WORK TASK ▸ Find how many lines in the material below hold the word "message". Reply with that figure alone.

RECORDS TO PROCESS ▸

....

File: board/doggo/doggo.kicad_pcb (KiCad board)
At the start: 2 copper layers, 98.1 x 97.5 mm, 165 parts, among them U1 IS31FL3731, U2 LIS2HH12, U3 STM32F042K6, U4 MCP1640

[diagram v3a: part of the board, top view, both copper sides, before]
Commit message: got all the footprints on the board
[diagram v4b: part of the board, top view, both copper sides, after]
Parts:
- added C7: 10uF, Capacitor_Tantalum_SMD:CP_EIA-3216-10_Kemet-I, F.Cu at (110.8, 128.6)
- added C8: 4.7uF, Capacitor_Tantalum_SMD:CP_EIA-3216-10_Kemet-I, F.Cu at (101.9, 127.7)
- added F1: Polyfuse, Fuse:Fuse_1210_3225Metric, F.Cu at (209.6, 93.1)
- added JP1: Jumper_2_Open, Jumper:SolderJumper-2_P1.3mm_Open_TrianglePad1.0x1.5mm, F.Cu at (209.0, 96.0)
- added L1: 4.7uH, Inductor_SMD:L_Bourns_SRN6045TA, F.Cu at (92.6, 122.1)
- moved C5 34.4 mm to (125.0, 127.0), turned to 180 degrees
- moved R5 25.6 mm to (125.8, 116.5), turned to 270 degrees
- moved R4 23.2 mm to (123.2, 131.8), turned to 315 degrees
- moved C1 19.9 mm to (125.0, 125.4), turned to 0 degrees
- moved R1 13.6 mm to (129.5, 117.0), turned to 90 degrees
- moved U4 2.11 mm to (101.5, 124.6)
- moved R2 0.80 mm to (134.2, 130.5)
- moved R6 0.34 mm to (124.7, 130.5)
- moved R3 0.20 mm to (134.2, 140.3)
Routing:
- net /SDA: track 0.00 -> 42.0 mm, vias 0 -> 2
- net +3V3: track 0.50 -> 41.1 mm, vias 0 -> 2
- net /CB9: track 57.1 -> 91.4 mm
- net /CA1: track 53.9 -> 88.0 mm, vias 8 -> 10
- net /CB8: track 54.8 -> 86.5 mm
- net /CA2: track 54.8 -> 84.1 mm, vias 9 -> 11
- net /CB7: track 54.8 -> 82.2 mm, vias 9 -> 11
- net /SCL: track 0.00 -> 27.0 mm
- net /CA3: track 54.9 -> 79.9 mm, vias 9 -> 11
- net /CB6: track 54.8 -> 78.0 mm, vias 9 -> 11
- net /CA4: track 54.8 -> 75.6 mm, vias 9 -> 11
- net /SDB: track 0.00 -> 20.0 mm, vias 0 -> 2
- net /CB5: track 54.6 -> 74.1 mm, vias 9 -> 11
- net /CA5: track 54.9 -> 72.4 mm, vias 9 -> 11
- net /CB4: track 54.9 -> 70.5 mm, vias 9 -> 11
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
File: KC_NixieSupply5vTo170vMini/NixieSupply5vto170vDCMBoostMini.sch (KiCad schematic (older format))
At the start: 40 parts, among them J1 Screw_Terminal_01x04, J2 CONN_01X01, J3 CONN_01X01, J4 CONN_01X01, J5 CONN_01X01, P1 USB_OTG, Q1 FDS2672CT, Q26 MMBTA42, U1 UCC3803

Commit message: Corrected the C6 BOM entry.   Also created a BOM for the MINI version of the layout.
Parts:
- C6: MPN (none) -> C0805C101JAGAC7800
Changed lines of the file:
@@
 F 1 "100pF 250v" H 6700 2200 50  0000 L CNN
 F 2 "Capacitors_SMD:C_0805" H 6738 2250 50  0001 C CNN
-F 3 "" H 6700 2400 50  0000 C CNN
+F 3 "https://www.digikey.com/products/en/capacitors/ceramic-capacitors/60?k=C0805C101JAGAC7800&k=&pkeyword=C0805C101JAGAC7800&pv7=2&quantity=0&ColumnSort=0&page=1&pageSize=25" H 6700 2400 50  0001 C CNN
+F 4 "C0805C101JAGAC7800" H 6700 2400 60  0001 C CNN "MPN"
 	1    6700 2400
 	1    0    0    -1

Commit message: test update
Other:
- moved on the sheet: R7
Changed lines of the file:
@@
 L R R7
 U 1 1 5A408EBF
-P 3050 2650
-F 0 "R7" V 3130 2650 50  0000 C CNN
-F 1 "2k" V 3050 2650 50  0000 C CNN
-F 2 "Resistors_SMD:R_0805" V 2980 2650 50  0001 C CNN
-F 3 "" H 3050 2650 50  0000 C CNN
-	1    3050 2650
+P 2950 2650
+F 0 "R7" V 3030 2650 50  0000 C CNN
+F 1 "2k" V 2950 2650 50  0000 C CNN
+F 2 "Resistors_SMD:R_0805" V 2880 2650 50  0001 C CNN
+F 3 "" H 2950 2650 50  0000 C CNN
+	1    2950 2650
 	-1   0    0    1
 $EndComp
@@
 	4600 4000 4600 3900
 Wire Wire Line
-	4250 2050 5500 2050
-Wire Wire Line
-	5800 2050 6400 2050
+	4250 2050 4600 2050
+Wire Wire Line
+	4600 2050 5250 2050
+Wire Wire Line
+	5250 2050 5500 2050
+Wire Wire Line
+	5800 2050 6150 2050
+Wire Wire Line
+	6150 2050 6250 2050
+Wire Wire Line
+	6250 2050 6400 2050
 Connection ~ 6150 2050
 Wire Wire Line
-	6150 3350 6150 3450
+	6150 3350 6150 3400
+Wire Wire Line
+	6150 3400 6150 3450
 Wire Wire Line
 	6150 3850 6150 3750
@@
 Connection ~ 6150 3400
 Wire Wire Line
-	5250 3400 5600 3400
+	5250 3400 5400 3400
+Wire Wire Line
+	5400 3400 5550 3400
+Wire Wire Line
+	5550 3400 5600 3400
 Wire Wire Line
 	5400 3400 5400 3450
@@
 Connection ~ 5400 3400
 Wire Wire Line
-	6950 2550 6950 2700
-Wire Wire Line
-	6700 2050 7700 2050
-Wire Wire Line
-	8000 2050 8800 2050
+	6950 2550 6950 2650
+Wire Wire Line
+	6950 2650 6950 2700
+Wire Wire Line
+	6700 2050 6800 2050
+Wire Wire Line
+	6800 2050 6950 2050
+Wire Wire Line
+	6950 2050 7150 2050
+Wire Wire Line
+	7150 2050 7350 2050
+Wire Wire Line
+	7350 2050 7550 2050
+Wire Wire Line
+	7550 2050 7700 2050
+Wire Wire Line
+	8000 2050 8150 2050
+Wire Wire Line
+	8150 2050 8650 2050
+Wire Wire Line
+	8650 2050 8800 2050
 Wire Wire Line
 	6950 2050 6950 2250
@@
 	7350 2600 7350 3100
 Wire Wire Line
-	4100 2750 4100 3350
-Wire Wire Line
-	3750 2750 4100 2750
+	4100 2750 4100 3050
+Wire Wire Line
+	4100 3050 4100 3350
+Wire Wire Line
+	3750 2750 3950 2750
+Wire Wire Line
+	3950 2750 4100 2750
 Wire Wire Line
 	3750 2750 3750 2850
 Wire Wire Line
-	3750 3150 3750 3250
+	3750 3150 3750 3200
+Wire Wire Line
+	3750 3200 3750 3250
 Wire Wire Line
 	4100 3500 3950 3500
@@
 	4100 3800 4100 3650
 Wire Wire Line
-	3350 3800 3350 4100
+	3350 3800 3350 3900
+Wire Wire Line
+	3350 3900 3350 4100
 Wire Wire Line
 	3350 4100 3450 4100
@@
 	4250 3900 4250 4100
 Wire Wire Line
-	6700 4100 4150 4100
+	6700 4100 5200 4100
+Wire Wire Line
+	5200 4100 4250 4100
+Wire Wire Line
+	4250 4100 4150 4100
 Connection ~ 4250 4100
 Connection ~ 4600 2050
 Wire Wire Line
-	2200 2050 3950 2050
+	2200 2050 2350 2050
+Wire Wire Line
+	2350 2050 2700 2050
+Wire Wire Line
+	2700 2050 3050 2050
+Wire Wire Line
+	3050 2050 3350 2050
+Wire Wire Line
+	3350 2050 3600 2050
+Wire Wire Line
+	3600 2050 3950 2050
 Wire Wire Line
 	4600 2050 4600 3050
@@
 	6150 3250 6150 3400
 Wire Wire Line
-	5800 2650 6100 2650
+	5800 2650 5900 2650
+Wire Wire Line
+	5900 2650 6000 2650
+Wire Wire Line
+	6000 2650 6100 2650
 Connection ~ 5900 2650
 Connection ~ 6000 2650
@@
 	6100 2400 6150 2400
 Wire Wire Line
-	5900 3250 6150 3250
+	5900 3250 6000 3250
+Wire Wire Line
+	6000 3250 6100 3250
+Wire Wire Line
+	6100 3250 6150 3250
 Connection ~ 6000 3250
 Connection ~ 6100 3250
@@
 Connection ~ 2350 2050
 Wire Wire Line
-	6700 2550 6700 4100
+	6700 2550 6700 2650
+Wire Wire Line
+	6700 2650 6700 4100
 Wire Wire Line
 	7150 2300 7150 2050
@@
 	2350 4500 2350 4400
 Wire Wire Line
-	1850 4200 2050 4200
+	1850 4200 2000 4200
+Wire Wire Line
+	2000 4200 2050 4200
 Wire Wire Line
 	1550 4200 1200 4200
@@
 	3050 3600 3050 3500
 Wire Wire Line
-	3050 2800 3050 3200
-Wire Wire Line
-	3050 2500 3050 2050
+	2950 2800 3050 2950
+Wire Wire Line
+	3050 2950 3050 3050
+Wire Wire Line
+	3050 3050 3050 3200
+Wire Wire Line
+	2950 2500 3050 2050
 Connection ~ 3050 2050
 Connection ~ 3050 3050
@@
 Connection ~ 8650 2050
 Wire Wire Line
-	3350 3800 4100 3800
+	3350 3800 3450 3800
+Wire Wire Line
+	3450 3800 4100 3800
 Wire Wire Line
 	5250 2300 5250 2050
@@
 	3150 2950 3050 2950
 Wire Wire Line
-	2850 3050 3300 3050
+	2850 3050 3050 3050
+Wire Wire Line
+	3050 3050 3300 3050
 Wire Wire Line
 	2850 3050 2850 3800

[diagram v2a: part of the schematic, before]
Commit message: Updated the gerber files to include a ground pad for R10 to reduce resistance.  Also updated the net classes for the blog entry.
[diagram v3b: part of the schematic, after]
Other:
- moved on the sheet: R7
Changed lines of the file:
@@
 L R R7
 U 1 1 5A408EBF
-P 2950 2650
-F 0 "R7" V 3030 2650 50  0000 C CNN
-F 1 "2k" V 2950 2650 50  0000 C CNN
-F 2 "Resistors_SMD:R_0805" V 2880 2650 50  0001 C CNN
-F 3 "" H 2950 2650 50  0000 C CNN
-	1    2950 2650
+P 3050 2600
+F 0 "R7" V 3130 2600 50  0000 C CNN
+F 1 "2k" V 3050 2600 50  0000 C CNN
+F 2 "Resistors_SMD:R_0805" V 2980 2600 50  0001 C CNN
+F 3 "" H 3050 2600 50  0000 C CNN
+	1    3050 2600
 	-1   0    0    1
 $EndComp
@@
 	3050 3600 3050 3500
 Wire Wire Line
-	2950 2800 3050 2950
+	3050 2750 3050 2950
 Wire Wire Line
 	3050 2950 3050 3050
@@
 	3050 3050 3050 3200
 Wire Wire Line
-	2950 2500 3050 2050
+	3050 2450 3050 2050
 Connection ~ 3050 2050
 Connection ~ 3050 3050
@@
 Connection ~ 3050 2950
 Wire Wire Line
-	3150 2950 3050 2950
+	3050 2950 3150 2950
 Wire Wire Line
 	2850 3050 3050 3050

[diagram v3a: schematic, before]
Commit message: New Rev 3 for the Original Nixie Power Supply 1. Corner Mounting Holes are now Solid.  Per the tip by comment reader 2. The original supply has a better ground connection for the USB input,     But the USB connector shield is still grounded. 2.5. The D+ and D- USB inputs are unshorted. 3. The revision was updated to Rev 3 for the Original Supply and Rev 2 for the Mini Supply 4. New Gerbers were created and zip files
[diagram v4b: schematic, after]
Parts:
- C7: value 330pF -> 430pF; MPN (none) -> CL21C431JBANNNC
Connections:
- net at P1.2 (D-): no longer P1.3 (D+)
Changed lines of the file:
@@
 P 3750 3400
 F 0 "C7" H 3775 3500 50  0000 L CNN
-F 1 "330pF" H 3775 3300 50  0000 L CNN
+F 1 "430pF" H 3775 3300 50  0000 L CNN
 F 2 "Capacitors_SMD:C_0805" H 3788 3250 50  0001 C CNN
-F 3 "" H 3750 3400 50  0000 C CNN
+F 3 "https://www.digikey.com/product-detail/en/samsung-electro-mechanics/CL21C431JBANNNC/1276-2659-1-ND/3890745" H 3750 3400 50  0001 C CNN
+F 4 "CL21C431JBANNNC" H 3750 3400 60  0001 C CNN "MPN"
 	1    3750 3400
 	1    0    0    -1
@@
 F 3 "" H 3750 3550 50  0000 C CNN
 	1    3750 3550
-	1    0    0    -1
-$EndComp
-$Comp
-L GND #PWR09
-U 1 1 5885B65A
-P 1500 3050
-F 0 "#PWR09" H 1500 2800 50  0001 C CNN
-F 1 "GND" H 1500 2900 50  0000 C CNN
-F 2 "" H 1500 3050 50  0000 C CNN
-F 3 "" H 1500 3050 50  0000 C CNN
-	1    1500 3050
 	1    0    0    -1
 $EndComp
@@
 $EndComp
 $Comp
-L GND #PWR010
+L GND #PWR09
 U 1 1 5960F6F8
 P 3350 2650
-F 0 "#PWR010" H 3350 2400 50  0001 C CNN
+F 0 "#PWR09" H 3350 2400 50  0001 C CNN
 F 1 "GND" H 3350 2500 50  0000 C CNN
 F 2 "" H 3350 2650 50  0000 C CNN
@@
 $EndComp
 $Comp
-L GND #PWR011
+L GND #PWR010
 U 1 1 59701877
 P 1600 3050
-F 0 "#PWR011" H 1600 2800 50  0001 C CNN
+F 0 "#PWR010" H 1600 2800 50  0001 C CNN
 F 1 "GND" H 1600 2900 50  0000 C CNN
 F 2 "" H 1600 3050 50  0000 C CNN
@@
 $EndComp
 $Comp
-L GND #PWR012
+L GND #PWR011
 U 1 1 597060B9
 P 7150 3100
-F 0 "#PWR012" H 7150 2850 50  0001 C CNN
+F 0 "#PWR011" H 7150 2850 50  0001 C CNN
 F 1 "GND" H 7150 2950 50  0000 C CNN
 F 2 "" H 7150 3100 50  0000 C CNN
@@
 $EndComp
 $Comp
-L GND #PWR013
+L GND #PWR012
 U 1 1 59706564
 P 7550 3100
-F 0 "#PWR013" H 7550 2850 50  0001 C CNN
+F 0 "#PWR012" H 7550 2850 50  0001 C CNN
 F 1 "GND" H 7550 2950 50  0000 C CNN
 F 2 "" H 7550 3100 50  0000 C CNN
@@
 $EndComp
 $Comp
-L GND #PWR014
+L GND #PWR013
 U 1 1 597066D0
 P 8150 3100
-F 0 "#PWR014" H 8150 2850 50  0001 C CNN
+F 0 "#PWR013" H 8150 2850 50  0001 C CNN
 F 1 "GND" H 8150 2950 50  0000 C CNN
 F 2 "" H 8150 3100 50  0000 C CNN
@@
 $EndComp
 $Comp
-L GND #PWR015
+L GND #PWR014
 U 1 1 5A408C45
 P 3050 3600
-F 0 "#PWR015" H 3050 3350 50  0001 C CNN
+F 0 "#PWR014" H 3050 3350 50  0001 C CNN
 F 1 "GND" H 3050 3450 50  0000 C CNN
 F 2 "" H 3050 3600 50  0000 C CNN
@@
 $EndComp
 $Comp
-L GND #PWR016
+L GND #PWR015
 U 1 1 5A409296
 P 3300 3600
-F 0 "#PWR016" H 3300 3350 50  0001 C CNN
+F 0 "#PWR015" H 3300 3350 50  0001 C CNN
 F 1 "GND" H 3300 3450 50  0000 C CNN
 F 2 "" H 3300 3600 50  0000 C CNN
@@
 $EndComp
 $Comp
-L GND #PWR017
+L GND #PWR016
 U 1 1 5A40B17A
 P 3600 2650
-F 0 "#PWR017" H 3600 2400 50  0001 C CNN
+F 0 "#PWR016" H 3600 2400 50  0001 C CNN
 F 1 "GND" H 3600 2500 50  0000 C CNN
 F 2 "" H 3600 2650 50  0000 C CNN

....

ANSWER SPACE ▸ 5